Yes, the way it works now with udev is that each block subsystem marks "private" or "unusable" devices in its own way in udev rules, thus leaving any udev db user to check all possible variables these subsystems may set. There's no coordination nor any standard defined here on how such devices should be marked in a single way. However, I don't think this is quite a problem of udev because this is something related to block devices only I suppose. And that's actually the part that SID is trying to cover within one of its primary goals (to have a standard defined on marking block device state for sharing among other users/subsystems).

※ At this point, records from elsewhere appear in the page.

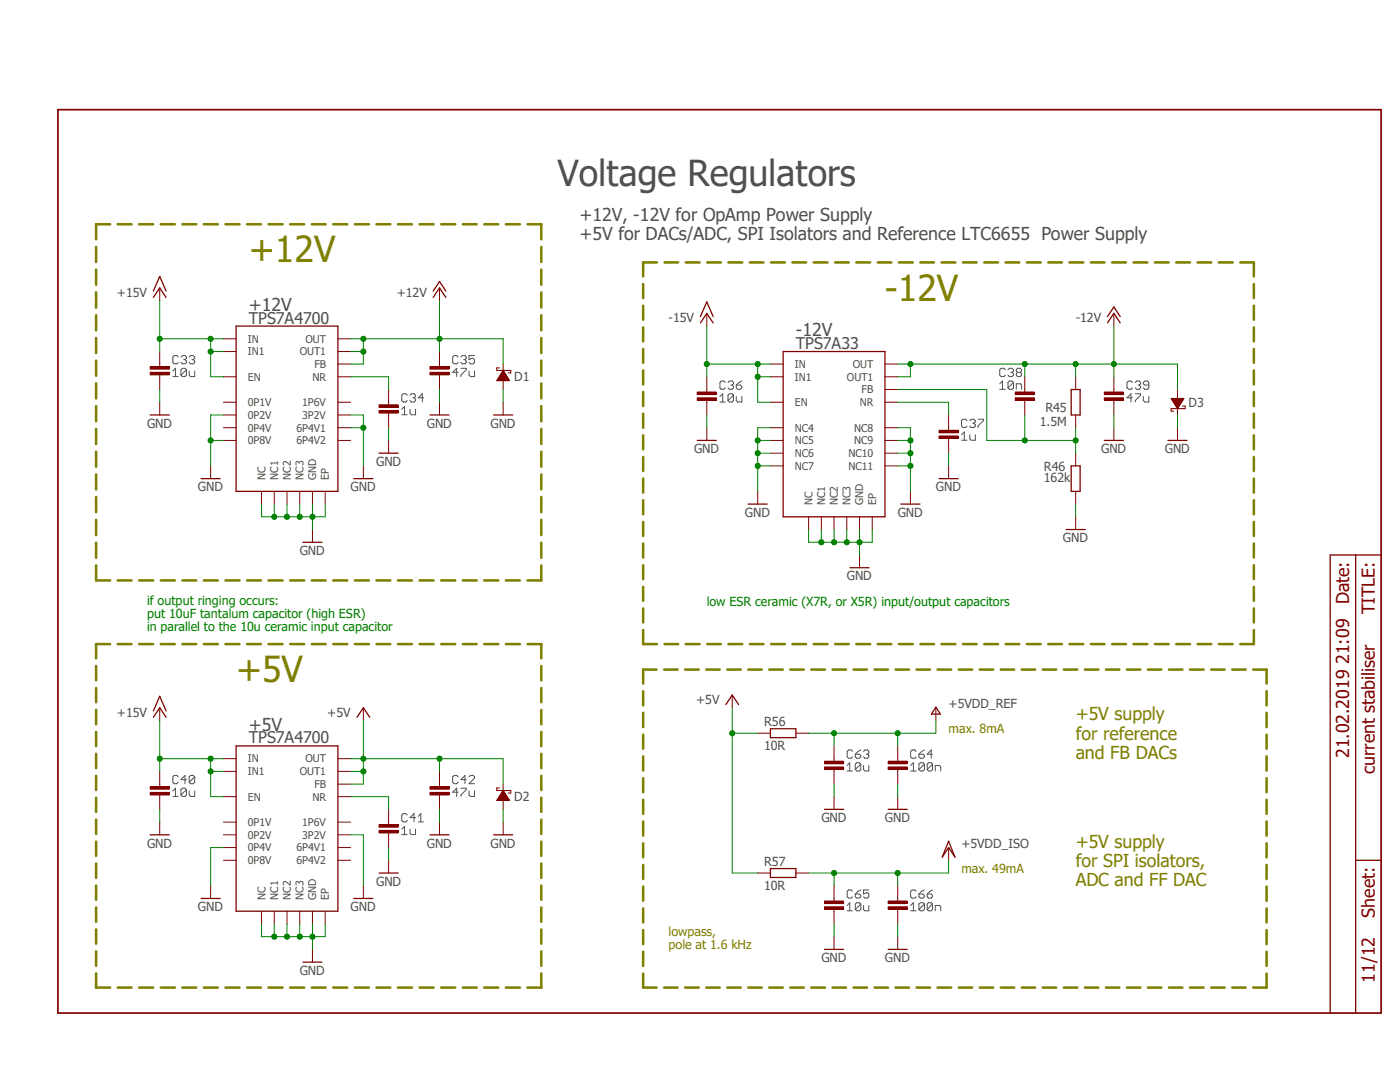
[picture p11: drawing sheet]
<svg xmlns="http://www.w3.org/2000/svg" width="279mm" height="216mm" viewBox="0 0 279 216" stroke-linecap="round" stroke-linejoin="round" font-family="sans-serif">
<path d="M11.2 21.4l265 181.1M276.2 21.4l-265 181.1" fill="none" stroke="#fff" stroke-width=".2"/>
<g fill="none" stroke="#808000" stroke-width=".51">
<path d="M19.2 49.3v3M19.2 53.8v3M19.2 58.3v3.1M22 44.7h-2.8v3.1M23.5 44.7h2.7M27.8 44.7h2.8M32.1 44.7h2.8M36.4 44.7h2.8M40.7 44.7h2.8M45 44.7h2.8M49.3 44.7h2.8M53.6 44.7h2.8"/>
<path d="M57.9 44.7h2.8M62.2 44.7h2.8M66.5 44.7h2.8M70.8 44.7h2.8M75.1 44.7h2.8M79.4 44.7h2.8M83.7 44.7h2.8M88.1 44.7h2.7M92.4 44.7h2.7M96.6 44.7h2.8M101 44.7h2.8M105.3 44.7h2.7v3.1"/>
<path d="M108 49.3v3M108 53.8v3M108 58.3v3.1M128.4 56.7v2.8M131.1 52.4h-2.7v2.8M132.6 52.4h2.7M136.9 52.4h2.7M141.1 52.4h2.7M145.4 52.4h2.7M149.6 52.4h2.8M153.9 52.4h2.7M158.2 52.4h2.7"/>
<path d="M162.4 52.4h2.7M166.7 52.4h2.7M170.9 52.4h2.8M175.2 52.4h2.7M179.4 52.4h2.8M183.7 52.4h2.7M187.9 52.4h2.8M192.2 52.4h2.7M196.4 52.4h2.8M200.7 52.4h2.7M204.9 52.4h2.8M209.2 52.4h2.7"/>
<path d="M213.4 52.4h2.8M217.7 52.4h2.7M222 52.4h2.7M226.2 52.4h2.8M230.5 52.4h2.7M234.7 52.4h2.8M239 52.4h2.7M243.2 52.4h2.8M247.5 52.4h2.7v2.8M250.2 56.7v2.8M19.2 62.9v3M19.2 67.4v3"/>
<path d="M19.2 72v3M19.2 76.5v3M108 62.9v3M108 67.4v3M108 72v3M108 76.5v3M128.4 61v2.8M128.4 65.3v2.8M128.4 69.6v2.8M128.4 73.9v2.8M128.4 78.2v2.8M250.2 61v2.8"/>
<path d="M250.2 65.3v2.8M250.2 69.6v2.8M250.2 73.9v2.8M250.2 78.2v2.8M19.2 81v3.1M19.2 85.6v3M19.2 90.1v3M19.2 94.7v3M19.2 99.2v3M108 81v3.1M108 85.6v3M108 90.1v3"/>
<path d="M108 94.7v3M108 99.2v3M128.4 82.5v2.8M128.4 86.9v2.8M128.4 91.2v2.8M128.4 95.5v2.8M128.4 99.8v2.8M250.2 82.5v2.8M250.2 86.9v2.8M250.2 91.2v2.8M250.2 95.5v2.8M250.2 99.8v2.8"/>
<path d="M19.2 112.8v3h2.8M19.2 103.7v3.1M19.2 108.3v3M23.5 115.8h2.7M27.8 115.8h2.8M32.1 115.8h2.8M36.4 115.8h2.8M40.7 115.8h2.8M45 115.8h2.8M49.3 115.8h2.8M53.6 115.8h2.8M57.9 115.8h2.8"/>
<path d="M62.2 115.8h2.8M66.5 115.8h2.8M70.8 115.8h2.8M75.1 115.8h2.8M79.4 115.8h2.8M83.7 115.8h2.8M88.1 115.8h2.7M92.4 115.8h2.7M96.6 115.8h2.8M101 115.8h2.8M108 103.7v3.1M108 108.3v3"/>
<path d="M108 112.8v3h-2.7M128.4 104.1v2.8M128.4 108.5v2.8M128.4 112.8v2.8M128.4 117.1v2.8M250.2 104.1v2.8M250.2 108.5v2.8M250.2 112.8v2.8M250.2 117.1v2.8M19.2 132.9v2.9M19.2 137.3v2.8M22 128.5h-2.8v2.9"/>
<path d="M23.5 128.5h2.7M27.8 128.5h2.8M32.1 128.5h2.8M36.4 128.5h2.8M40.7 128.5h2.8M45 128.5h2.8M49.3 128.5h2.8M53.6 128.5h2.8M57.9 128.5h2.8M62.2 128.5h2.8M66.5 128.5h2.8M70.8 128.5h2.8"/>
<path d="M75.1 128.5h2.8M79.4 128.5h2.8M83.7 128.5h2.8M88.1 128.5h2.7M92.4 128.5h2.7M96.6 128.5h2.8M101 128.5h2.8M105.3 128.5h2.7v2.9M108 132.9v2.9M108 137.3v2.8M128.4 125.7v2.8h2.7M128.4 121.4v2.8"/>
<path d="M128.4 137.9v2.9M131 133.6h-2.6v2.8M132.5 133.6h2.7M132.6 128.5h2.7M136.7 133.6h2.7M136.9 128.5h2.7M141 133.6h2.6M141.1 128.5h2.7M145.2 133.6h2.6M145.4 128.5h2.7M149.4 133.6h2.6M149.6 128.5h2.8"/>
<path d="M153.5 133.6h2.7M153.9 128.5h2.7M157.7 133.6h2.7M158.2 128.5h2.7M161.9 133.6h2.7M162.4 128.5h2.7M166.2 133.6h2.6M166.7 128.5h2.7M170.3 133.6h2.7M170.9 128.5h2.8M174.5 133.6h2.7M175.2 128.5h2.7"/>
<path d="M178.7 133.6h2.7M179.4 128.5h2.8M182.9 133.6h2.7M183.7 128.5h2.7M187.1 133.6h2.7M187.9 128.5h2.8M191.3 133.6h2.7M192.2 128.5h2.7M195.5 133.6h2.7M196.4 128.5h2.8M199.7 133.6h2.7M200.7 128.5h2.7"/>
<path d="M203.9 133.6h2.7M204.9 128.5h2.8M208.1 133.6h2.7M209.2 128.5h2.7M212.3 133.6h2.7M213.4 128.5h2.8M216.5 133.6h2.7M217.7 128.5h2.7M220.7 133.6h2.7M222 128.5h2.7M224.9 133.6h2.7M226.2 128.5h2.8"/>
<path d="M229.1 133.6h2.7M230.5 128.5h2.7M233.3 133.6h2.7M234.7 128.5h2.8M237.5 133.6h2.7M239 128.5h2.7M241.7 133.6h2.7M243.2 128.5h2.8M245.9 133.6h2.7M250.1 133.6h2.7v2.8M250.2 125.7v2.8h-2.7M250.2 121.4v2.8"/>
<path d="M252.8 137.9v2.9M19.2 141.6v2.9M19.2 146v2.9M19.2 150.4v2.9M19.2 154.8v2.8M19.2 159.2v2.8M108 141.6v2.9M108 146v2.9M108 150.4v2.9M108 154.8v2.8M108 159.2v2.8M128.4 142.2v2.9"/>
<path d="M128.4 146.6v2.8M128.4 150.9v2.9M128.4 155.3v2.8M128.4 159.6v2.8M252.8 142.2v2.9M252.8 146.6v2.8M252.8 150.9v2.9M252.8 155.3v2.8M252.8 159.6v2.8M19.2 163.5v2.9M19.2 167.9v2.9M19.2 172.3v2.9"/>
<path d="M19.2 176.7v2.8M108 163.5v2.9M108 167.9v2.9M108 172.3v2.9M108 176.7v2.8M128.4 163.9v2.9M128.4 168.3v2.8M128.4 172.6v2.8M128.4 176.9v2.8M252.8 163.9v2.9M252.8 168.3v2.8M252.8 172.6v2.8"/>
<path d="M252.8 176.9v2.8M19.2 181.1v2.8M19.2 185.5v2.8M19.2 189.8v2.9M19.2 194.2v2.9h2.8M23.5 197.1h2.7M27.8 197.1h2.8M32.1 197.1h2.8M36.4 197.1h2.8M40.7 197.1h2.8M45 197.1h2.8M49.3 197.1h2.8"/>
<path d="M53.6 197.1h2.8M57.9 197.1h2.8M62.2 197.1h2.8M66.5 197.1h2.8M70.8 197.1h2.8M75.1 197.1h2.8M79.4 197.1h2.8M83.7 197.1h2.8M88.1 197.1h2.7M92.4 197.1h2.7M96.6 197.1h2.8M101 197.1h2.8"/>
<path d="M108 181.1v2.8M108 185.5v2.8M108 189.8v2.9M108 194.2v2.9h-2.7M128.4 194.3v2.8h2.6M128.4 181.3v2.8M128.4 185.6v2.8M128.4 189.9v2.8M132.5 197.1h2.7M136.7 197.1h2.7M141 197.1h2.6M145.2 197.1h2.6"/>
<path d="M149.4 197.1h2.6M153.5 197.1h2.7M157.7 197.1h2.7M161.9 197.1h2.7M166.2 197.1h2.6M170.3 197.1h2.7M174.5 197.1h2.7M178.7 197.1h2.7M182.9 197.1h2.7M187.1 197.1h2.7M191.3 197.1h2.7M195.5 197.1h2.7"/>
<path d="M199.7 197.1h2.7M203.9 197.1h2.7M208.1 197.1h2.7M212.3 197.1h2.7M216.5 197.1h2.7M220.7 197.1h2.7M224.9 197.1h2.7M229.1 197.1h2.7M233.3 197.1h2.7M237.5 197.1h2.7M241.7 197.1h2.7M245.9 197.1h2.7"/>
<path d="M252.8 194.3v2.8h-2.7M252.8 181.3v2.8M252.8 185.6v2.8M252.8 189.9v2.8"/>
</g>
<g fill="none" stroke="#505050" stroke-width=".2">
<path d="M34.5 74l.5-.5v1.6M34.5 75.1h1.1M35.6 71.2l-.3-.2h-.5l-.3 .2v1.1l.3 .3h.5l.3-.3M36.1 71.2l.3-.2h.5l.3 .2v.3l-.3 .3M36.7 71.8h.2M36.9 71.8l.3 .3v.2l-.3 .3h-.5l-.3-.3M37.2 73.8v1l-.3 .3h-.5l-.3-.3M37.2 73.8l-.3-.3h-.5l-.3 .3v1M37.2 73.8l-1.1 1M37.8 74v.8l.2 .3h.9v-1.1M37.8 71.2l.2-.2h.6l.3 .2v.3l-.3 .3M38.3 71.8h.3"/>
<path d="M38.6 71.8l.3 .3v.2l-.3 .3h-.6l-.2-.3M81.3 78.9l-.3-.3h-.5l-.3 .3v1l.3 .3h.5l.3-.3M81.8 78.9l.3-.3h.5l.3 .3v.2l-.3 .3M82.4 79.4h.2M82.6 79.4l.3 .3v.2l-.3 .3h-.5l-.3-.3M84.5 79.4h-1l.8-.8v1.6M91.4 74.3h-1.1l.8-.8v1.6M91.4 71.2l-.3-.2h-.5l-.3 .2v1.1l.3 .3h.5l.3-.3M92 73.5h1v.3l-1 1v.3M92 71.2l.2-.2h.6l.2 .2v.3l-.2 .3M92.5 71.8h.3M92.8 71.8l.2 .3v.2l-.2 .3h-.6l-.2-.3"/>
<path d="M93.6 74v.8l.3 .3h.8v-1.1M94.7 71h-1.1v.8l.5-.3h.3l.3 .3v.5l-.3 .3h-.5l-.3-.3M143.7 79.1l.5-.5v1.6M144.7 76.3l-.2-.3h-.6l-.2 .3v1.1l.2 .3h.6l.2-.3M145.3 76.3l.3-.3h.5l.3 .3v.3l-.3 .2M145.8 76.8h.3M146.1 76.8l.3 .3v.3l-.3 .3h-.5l-.3-.3M146.4 78.9v1l-.3 .3h-.5l-.3-.3M146.4 78.9l-.3-.3h-.5l-.3 .3v1M146.4 78.9l-1.1 1M146.9 79.1v.8l.3 .3h.8v-1.1M146.9 76.8h.8l.3 .3v.3l-.3 .3h-.5l-.3-.3z"/>
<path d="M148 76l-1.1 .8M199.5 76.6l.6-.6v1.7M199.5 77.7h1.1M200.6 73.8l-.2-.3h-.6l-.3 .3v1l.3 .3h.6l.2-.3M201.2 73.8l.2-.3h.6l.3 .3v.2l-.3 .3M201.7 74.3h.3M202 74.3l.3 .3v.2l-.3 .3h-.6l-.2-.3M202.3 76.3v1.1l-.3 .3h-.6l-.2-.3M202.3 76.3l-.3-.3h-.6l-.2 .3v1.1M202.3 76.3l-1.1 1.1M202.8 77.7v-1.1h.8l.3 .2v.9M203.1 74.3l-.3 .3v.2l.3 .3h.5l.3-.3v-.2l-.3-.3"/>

The primary clear issue here is that udev should provide an easy and quick way of simply enumerating devices with basic filtering like "all block devices" etc. And this is where the regression is seen right now - the traces point to some internal hash usage which wasn't the bottleneck there before (my guess is this is due to the code being merged/shared with systemd code). Also, if we're not interested in any of sysfs info and we just need to get the list of devices as udev db has in its records, we should have a way to simply bypass the sysfs scans and get the list from udev db directly as it's all already there in udev db.

Comment 12 Michal Sekletar 2023-01-10 15:59:56 UTC

I was trying to reproduce this on latest RHEL-8 and I can see that lvm commands are much slower compared to RHEL-9 (on the system with the same amount of block devices), however, I don't observe slowness that is mentioned in the bug description (i.e. pvscan taking 100 seconds to complete). Hence I am closing the BZ for now (based on my offline discussion with Peter Rajnoha). Feel free to double check my findings and reopen if needed.